| Your objective |
In the listing that follows, the range to quote begins at the line that has "2pi/1 -> Reset1/2" and ends after the line that has "NOT1/1 -> Mux/4"; quote it verbatim and add nothing.

| Exercise inputs |
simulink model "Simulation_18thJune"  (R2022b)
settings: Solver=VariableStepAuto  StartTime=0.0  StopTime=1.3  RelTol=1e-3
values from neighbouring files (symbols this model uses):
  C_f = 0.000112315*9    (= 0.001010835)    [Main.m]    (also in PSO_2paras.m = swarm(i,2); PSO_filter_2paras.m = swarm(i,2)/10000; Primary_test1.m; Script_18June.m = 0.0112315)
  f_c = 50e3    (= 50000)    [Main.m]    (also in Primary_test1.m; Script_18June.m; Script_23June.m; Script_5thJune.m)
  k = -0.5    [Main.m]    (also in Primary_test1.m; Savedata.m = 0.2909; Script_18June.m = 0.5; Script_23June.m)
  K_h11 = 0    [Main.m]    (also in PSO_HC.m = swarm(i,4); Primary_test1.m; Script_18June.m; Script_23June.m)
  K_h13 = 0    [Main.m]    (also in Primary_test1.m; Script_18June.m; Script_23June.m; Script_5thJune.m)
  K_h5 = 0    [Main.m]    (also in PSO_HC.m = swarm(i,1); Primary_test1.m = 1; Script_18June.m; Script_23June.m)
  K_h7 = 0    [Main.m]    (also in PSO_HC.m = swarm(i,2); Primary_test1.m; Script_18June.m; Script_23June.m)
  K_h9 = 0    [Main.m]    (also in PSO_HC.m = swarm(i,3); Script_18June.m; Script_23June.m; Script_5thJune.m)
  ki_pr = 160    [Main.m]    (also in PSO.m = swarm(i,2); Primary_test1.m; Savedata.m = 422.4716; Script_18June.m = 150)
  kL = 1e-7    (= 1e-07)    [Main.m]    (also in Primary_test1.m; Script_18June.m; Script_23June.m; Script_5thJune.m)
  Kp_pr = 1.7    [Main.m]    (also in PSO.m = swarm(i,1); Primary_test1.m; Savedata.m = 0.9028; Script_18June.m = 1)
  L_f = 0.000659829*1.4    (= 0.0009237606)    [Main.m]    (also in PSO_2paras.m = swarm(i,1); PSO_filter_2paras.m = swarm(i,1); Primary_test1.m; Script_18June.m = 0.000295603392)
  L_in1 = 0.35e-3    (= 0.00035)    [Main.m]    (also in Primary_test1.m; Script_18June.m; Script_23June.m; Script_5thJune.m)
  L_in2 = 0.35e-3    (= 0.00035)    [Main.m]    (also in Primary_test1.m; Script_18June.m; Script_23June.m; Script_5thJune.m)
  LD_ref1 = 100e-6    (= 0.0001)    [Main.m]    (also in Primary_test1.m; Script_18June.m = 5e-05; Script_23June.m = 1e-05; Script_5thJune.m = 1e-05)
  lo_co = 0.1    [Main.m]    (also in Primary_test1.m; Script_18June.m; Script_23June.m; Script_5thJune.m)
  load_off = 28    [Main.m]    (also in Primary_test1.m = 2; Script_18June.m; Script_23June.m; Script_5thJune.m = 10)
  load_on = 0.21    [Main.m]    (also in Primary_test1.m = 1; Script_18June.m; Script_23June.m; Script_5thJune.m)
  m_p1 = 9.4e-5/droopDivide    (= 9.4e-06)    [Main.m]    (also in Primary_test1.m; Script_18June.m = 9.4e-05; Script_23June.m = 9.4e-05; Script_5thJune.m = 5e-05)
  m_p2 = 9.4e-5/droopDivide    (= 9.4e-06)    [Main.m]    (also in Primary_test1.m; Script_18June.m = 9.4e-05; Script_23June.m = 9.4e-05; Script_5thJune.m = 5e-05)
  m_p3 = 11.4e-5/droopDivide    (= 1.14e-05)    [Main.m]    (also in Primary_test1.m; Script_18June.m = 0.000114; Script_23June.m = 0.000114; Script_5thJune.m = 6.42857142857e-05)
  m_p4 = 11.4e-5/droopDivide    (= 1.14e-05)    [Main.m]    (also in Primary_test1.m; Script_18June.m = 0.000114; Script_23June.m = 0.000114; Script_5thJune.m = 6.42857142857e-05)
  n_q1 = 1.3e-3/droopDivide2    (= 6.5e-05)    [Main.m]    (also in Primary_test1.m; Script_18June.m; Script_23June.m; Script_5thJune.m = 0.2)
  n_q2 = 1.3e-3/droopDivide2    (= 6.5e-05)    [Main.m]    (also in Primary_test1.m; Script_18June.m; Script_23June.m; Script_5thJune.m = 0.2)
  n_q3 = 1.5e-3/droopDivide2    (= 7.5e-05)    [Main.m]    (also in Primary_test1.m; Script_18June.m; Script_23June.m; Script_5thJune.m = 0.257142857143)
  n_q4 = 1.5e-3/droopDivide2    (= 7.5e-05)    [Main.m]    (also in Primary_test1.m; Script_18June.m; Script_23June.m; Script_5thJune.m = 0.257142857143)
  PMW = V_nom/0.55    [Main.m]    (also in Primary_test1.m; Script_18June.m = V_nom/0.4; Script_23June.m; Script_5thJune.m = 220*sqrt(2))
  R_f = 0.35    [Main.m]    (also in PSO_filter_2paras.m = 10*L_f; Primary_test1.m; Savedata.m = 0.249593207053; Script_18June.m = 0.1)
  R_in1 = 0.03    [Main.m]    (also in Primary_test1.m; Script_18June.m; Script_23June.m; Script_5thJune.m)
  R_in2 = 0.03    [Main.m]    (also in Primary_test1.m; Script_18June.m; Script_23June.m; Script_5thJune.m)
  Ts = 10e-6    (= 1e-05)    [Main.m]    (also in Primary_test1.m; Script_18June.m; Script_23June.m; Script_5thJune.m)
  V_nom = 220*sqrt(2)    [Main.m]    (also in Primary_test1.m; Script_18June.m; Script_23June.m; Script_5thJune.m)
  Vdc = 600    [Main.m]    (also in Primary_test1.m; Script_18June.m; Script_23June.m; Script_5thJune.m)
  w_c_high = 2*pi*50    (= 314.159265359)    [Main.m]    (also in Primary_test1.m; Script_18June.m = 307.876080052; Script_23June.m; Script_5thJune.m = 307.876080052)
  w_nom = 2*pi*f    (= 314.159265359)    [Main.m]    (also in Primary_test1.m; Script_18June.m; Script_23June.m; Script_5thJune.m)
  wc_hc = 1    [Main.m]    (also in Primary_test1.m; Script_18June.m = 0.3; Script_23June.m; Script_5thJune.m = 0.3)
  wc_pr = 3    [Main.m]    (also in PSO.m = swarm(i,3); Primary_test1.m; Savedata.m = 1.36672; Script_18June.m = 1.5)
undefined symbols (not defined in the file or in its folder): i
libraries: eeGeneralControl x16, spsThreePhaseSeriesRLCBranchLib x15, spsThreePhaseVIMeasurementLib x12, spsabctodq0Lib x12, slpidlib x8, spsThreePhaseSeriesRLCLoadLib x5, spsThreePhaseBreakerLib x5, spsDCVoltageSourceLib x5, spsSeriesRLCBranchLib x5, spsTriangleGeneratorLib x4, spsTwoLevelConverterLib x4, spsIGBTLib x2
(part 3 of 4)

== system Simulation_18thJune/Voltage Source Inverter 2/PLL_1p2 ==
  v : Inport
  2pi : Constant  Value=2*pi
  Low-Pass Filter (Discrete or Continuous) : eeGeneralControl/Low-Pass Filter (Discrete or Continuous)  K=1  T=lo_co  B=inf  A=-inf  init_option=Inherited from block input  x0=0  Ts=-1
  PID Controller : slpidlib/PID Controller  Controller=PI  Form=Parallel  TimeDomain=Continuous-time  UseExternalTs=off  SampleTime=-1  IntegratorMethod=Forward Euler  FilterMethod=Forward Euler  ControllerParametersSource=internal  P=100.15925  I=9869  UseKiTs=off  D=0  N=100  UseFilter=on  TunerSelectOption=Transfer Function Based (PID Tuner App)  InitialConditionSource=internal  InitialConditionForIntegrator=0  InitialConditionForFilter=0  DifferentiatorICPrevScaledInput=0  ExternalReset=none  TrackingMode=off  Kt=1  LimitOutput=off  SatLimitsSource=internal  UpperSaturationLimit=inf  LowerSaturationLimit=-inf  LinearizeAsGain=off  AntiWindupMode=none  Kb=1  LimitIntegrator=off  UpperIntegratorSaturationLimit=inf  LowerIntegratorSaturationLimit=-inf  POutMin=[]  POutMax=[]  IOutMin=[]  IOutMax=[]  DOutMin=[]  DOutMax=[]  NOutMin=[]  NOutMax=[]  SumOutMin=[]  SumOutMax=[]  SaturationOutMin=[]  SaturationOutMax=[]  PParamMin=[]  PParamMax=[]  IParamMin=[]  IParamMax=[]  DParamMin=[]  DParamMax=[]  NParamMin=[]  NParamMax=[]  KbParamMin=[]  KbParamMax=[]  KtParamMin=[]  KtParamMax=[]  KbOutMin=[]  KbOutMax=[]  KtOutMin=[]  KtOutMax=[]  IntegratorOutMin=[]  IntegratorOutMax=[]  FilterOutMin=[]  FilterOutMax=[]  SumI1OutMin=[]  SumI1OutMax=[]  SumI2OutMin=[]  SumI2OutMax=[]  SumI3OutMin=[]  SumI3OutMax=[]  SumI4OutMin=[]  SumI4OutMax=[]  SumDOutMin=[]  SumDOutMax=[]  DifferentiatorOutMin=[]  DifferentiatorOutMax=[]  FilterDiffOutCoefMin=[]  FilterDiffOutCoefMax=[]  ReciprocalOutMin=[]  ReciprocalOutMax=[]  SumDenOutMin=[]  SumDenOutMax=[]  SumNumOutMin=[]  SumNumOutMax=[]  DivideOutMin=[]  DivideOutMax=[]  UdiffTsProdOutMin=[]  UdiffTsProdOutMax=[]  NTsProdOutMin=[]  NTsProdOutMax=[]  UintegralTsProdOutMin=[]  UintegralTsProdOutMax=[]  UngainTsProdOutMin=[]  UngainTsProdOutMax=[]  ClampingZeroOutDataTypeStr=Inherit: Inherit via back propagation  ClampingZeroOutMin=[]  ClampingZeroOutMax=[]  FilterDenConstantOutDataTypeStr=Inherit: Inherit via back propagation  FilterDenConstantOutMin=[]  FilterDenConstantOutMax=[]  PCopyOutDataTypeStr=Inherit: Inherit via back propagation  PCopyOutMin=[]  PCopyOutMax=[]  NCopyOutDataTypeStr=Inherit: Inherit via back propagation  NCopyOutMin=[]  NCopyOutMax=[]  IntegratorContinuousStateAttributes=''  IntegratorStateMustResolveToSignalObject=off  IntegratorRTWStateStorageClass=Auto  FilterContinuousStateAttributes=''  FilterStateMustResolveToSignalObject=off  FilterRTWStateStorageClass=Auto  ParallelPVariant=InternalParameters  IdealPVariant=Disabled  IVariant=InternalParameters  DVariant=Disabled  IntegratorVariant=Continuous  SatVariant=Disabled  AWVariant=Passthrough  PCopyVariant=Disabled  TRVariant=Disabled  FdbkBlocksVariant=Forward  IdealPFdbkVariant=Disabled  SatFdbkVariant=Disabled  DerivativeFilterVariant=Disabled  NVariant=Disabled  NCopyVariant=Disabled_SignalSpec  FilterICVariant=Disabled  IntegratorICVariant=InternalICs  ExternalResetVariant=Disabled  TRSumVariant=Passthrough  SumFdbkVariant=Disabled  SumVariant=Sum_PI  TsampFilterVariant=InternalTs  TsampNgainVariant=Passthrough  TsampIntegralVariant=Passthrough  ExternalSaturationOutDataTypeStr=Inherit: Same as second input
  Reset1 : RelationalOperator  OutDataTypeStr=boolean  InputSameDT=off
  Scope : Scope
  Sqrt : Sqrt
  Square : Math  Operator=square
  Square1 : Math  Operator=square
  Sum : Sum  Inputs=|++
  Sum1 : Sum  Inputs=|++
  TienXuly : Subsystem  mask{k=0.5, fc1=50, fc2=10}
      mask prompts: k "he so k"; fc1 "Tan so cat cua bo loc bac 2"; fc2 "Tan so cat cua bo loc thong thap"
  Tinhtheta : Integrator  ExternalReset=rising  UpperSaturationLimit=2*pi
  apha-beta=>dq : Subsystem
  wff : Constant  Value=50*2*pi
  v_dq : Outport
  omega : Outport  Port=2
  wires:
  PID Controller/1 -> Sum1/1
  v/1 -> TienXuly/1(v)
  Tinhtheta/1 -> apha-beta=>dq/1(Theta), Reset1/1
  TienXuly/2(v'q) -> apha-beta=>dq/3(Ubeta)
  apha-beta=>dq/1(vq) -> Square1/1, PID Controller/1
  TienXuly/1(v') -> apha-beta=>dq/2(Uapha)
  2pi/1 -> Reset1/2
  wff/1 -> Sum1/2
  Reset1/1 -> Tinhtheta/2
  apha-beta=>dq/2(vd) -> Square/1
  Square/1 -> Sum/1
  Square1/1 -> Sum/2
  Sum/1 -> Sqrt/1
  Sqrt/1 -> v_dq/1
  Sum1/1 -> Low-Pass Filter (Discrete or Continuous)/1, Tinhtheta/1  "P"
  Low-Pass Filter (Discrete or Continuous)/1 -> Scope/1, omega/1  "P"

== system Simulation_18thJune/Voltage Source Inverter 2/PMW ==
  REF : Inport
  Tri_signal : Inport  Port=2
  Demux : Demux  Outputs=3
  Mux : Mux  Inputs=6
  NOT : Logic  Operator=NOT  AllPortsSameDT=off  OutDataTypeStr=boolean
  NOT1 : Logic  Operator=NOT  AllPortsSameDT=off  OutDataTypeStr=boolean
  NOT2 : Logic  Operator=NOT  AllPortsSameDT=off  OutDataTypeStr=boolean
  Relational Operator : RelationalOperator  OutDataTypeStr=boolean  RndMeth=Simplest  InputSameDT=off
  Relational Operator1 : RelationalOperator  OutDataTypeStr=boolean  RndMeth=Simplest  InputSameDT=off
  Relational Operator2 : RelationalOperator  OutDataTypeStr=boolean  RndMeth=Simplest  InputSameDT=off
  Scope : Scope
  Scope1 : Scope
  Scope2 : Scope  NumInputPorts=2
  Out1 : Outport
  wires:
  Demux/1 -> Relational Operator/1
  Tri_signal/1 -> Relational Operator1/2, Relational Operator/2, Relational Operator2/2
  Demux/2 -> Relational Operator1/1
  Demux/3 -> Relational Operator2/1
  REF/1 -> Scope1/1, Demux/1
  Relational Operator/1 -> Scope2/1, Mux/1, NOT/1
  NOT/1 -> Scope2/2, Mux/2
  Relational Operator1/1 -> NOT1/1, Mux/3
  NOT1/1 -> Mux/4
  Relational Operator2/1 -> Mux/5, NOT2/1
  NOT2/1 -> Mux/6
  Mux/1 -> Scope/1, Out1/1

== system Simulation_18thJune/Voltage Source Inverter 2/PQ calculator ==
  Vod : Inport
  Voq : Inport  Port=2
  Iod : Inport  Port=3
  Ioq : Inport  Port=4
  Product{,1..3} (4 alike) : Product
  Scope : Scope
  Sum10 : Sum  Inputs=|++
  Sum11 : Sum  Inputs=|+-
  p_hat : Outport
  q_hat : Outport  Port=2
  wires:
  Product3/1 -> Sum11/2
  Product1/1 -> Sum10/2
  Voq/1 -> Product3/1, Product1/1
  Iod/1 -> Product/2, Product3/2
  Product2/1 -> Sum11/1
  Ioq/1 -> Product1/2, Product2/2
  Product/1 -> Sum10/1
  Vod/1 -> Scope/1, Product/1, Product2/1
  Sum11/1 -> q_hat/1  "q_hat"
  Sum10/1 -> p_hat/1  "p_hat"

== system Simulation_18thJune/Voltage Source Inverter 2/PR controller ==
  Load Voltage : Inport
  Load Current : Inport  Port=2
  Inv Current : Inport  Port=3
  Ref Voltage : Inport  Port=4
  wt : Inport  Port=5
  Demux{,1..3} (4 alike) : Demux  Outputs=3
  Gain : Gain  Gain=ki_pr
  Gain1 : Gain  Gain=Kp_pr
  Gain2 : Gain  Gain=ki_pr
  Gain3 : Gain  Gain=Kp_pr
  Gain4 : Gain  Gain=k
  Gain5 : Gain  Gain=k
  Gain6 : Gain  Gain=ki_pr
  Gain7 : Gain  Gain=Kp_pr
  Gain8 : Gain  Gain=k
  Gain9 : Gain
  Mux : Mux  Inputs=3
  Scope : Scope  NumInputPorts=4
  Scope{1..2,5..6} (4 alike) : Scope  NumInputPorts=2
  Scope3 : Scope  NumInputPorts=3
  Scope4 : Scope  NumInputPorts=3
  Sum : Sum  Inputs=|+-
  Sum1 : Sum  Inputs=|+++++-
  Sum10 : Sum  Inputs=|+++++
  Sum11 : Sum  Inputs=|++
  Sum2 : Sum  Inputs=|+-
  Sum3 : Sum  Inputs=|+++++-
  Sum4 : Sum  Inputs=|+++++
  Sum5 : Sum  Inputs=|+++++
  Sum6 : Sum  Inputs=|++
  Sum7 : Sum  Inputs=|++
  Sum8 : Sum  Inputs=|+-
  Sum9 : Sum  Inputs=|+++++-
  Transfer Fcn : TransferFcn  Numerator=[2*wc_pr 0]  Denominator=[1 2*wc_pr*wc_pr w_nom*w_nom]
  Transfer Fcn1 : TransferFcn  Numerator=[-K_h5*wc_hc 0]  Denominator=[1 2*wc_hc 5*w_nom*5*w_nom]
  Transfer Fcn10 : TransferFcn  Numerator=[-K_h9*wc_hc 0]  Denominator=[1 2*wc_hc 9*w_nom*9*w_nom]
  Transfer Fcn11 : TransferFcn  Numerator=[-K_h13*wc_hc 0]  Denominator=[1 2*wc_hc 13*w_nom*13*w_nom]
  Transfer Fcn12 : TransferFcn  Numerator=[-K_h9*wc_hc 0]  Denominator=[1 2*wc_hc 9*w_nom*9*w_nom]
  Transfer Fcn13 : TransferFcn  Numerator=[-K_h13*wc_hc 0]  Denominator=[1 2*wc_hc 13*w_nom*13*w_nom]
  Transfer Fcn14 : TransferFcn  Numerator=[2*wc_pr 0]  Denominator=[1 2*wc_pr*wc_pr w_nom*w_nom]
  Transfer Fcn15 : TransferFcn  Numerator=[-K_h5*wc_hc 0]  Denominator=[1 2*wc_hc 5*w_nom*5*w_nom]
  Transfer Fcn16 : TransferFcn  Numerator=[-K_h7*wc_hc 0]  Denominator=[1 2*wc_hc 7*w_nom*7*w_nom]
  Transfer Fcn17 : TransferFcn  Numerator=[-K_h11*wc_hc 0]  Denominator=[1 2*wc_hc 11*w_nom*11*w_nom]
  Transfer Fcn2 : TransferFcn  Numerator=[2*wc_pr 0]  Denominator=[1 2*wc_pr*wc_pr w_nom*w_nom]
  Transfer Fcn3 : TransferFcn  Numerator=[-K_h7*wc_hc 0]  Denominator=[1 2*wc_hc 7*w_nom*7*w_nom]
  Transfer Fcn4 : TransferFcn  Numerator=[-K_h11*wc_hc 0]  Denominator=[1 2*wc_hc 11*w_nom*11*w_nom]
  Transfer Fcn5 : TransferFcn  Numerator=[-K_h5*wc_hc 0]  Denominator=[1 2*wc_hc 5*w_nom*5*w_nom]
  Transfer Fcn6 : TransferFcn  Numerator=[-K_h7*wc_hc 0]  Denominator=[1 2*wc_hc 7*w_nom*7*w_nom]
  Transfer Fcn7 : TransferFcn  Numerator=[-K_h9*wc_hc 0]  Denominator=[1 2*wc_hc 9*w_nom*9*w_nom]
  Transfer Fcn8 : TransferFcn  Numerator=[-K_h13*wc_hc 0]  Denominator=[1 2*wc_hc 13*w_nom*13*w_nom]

| Your response |
  2pi/1 -> Reset1/2
  wff/1 -> Sum1/2
  Reset1/1 -> Tinhtheta/2
  apha-beta=>dq/2(vd) -> Square/1
  Square/1 -> Sum/1
  Square1/1 -> Sum/2
  Sum/1 -> Sqrt/1
  Sqrt/1 -> v_dq/1
  Sum1/1 -> Low-Pass Filter (Discrete or Continuous)/1, Tinhtheta/1  "P"
  Low-Pass Filter (Discrete or Continuous)/1 -> Scope/1, omega/1  "P"

== system Simulation_18thJune/Voltage Source Inverter 2/PMW ==
  REF : Inport
  Tri_signal : Inport  Port=2
  Demux : Demux  Outputs=3
  Mux : Mux  Inputs=6
  NOT : Logic  Operator=NOT  AllPortsSameDT=off  OutDataTypeStr=boolean
  NOT1 : Logic  Operator=NOT  AllPortsSameDT=off  OutDataTypeStr=boolean
  NOT2 : Logic  Operator=NOT  AllPortsSameDT=off  OutDataTypeStr=boolean
  Relational Operator : RelationalOperator  OutDataTypeStr=boolean  RndMeth=Simplest  InputSameDT=off
  Relational Operator1 : RelationalOperator  OutDataTypeStr=boolean  RndMeth=Simplest  InputSameDT=off
  Relational Operator2 : RelationalOperator  OutDataTypeStr=boolean  RndMeth=Simplest  InputSameDT=off
  Scope : Scope
  Scope1 : Scope
  Scope2 : Scope  NumInputPorts=2
  Out1 : Outport
  wires:
  Demux/1 -> Relational Operator/1
  Tri_signal/1 -> Relational Operator1/2, Relational Operator/2, Relational Operator2/2
  Demux/2 -> Relational Operator1/1
  Demux/3 -> Relational Operator2/1
  REF/1 -> Scope1/1, Demux/1
  Relational Operator/1 -> Scope2/1, Mux/1, NOT/1
  NOT/1 -> Scope2/2, Mux/2
  Relational Operator1/1 -> NOT1/1, Mux/3
  NOT1/1 -> Mux/4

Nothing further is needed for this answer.